:: Requirement ::
Find every line of the listing below where "mechanical" appears, and copy it.

:: Data under study ::
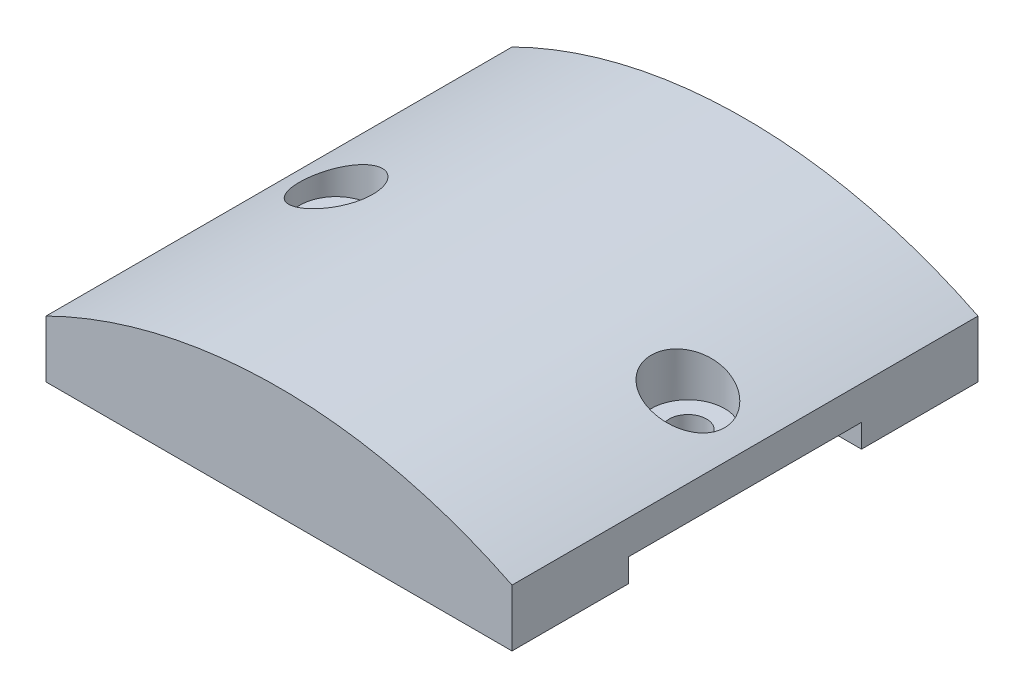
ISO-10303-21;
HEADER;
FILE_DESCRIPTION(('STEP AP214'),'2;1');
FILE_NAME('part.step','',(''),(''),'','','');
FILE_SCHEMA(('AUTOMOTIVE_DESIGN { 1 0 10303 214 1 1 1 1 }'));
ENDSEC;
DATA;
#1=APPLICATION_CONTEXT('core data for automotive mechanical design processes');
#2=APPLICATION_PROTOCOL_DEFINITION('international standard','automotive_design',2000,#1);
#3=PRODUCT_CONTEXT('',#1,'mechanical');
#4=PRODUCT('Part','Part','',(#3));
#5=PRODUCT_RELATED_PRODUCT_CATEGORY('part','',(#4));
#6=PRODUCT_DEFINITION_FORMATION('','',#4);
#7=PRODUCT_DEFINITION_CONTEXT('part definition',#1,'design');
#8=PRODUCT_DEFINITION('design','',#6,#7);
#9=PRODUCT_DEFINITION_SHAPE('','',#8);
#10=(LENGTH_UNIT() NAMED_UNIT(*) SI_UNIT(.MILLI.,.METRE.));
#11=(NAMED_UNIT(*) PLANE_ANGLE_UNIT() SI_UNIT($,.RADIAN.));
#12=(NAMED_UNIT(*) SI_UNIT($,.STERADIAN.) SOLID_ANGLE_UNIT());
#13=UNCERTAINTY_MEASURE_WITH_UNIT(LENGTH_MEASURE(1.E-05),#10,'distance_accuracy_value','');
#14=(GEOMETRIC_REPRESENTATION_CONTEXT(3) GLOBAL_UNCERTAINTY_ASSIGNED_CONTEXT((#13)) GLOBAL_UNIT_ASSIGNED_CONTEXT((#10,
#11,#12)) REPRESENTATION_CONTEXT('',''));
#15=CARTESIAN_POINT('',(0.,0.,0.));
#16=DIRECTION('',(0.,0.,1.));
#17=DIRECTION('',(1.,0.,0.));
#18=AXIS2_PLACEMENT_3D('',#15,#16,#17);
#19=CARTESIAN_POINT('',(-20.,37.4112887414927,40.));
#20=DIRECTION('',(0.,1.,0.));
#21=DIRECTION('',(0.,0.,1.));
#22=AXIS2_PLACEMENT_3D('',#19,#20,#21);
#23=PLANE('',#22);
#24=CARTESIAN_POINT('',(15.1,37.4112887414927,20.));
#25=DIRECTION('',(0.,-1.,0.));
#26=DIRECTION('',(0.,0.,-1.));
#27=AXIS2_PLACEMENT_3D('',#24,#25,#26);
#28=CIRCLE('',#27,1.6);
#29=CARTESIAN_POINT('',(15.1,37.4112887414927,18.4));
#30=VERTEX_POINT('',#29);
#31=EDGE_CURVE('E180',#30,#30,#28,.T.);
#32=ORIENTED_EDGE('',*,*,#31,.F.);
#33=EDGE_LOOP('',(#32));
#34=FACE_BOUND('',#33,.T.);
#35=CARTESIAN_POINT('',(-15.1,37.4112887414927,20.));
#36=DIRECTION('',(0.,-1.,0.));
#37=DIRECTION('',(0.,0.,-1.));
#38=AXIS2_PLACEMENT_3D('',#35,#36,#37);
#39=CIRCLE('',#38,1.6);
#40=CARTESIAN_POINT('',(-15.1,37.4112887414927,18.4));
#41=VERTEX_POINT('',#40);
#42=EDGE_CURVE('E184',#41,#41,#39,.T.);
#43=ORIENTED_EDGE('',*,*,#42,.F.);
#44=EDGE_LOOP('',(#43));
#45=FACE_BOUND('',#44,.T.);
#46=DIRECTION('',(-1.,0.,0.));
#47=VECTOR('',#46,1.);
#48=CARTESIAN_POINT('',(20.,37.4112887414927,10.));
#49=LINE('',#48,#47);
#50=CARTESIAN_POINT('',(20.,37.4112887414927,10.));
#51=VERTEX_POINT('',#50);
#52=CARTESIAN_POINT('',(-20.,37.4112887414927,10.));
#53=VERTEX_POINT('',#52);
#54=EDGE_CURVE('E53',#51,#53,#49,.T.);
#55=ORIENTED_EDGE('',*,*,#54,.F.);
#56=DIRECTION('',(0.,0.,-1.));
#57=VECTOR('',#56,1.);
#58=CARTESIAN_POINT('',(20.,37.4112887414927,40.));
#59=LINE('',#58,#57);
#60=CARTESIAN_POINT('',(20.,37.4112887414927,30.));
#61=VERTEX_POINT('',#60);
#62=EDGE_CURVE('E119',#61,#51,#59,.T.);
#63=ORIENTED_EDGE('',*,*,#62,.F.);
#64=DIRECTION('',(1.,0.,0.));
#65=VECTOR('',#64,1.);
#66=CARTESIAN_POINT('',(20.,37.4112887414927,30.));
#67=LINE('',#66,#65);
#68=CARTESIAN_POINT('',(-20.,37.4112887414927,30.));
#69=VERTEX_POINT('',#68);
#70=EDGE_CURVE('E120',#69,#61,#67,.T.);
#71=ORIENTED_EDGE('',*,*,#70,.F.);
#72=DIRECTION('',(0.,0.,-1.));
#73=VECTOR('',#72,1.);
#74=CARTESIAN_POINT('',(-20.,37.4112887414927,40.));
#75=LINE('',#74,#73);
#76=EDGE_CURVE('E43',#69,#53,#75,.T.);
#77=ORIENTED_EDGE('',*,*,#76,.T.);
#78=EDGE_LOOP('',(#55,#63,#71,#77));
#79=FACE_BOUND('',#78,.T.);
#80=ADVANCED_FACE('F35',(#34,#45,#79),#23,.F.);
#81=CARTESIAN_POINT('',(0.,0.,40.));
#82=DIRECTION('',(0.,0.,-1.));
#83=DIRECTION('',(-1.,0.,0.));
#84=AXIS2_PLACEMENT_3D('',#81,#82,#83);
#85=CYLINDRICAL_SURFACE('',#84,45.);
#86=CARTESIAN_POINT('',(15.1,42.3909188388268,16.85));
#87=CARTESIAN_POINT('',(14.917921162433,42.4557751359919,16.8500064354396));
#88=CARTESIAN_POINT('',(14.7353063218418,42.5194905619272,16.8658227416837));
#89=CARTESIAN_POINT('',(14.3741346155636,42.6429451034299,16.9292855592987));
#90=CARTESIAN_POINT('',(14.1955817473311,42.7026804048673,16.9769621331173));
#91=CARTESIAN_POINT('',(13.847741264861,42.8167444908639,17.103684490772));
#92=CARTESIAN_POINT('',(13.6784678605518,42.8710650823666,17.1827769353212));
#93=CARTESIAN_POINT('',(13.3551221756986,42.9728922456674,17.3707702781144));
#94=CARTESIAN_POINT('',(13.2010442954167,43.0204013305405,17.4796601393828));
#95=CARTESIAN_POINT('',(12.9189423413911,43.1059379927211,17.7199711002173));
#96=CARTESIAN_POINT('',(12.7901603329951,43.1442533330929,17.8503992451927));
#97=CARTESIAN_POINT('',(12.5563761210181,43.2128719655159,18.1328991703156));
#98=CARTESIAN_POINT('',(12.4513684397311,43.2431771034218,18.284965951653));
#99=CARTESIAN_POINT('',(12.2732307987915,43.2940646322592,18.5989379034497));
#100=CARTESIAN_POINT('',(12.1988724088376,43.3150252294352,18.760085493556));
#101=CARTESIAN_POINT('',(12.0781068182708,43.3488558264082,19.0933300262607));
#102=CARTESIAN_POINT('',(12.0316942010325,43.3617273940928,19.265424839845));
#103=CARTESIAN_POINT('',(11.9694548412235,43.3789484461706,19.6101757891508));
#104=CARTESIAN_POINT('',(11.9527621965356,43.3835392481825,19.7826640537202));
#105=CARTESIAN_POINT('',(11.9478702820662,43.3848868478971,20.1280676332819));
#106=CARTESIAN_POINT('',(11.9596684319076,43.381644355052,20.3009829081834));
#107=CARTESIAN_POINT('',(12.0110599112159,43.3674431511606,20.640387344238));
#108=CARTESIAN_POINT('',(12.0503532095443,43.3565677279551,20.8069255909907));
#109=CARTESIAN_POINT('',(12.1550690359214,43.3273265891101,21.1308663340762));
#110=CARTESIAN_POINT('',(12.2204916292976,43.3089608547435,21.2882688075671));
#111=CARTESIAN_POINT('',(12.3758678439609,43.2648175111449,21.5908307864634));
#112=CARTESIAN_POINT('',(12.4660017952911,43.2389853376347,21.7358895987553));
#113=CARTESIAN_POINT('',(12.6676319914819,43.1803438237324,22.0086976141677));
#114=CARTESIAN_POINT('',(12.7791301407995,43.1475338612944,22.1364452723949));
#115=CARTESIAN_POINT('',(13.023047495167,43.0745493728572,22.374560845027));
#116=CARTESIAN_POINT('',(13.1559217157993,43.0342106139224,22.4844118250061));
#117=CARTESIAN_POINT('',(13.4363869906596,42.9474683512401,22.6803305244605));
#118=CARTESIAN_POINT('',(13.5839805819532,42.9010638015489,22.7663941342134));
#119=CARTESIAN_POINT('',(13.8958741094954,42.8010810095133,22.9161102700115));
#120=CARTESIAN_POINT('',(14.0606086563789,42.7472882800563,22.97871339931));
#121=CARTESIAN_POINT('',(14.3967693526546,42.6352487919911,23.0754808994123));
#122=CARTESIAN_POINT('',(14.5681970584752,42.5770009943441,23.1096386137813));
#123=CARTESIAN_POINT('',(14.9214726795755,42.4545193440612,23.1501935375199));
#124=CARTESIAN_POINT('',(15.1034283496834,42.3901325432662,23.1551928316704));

:: Response box ::
#1=APPLICATION_CONTEXT('core data for automotive mechanical design processes');
#3=PRODUCT_CONTEXT('',#1,'mechanical');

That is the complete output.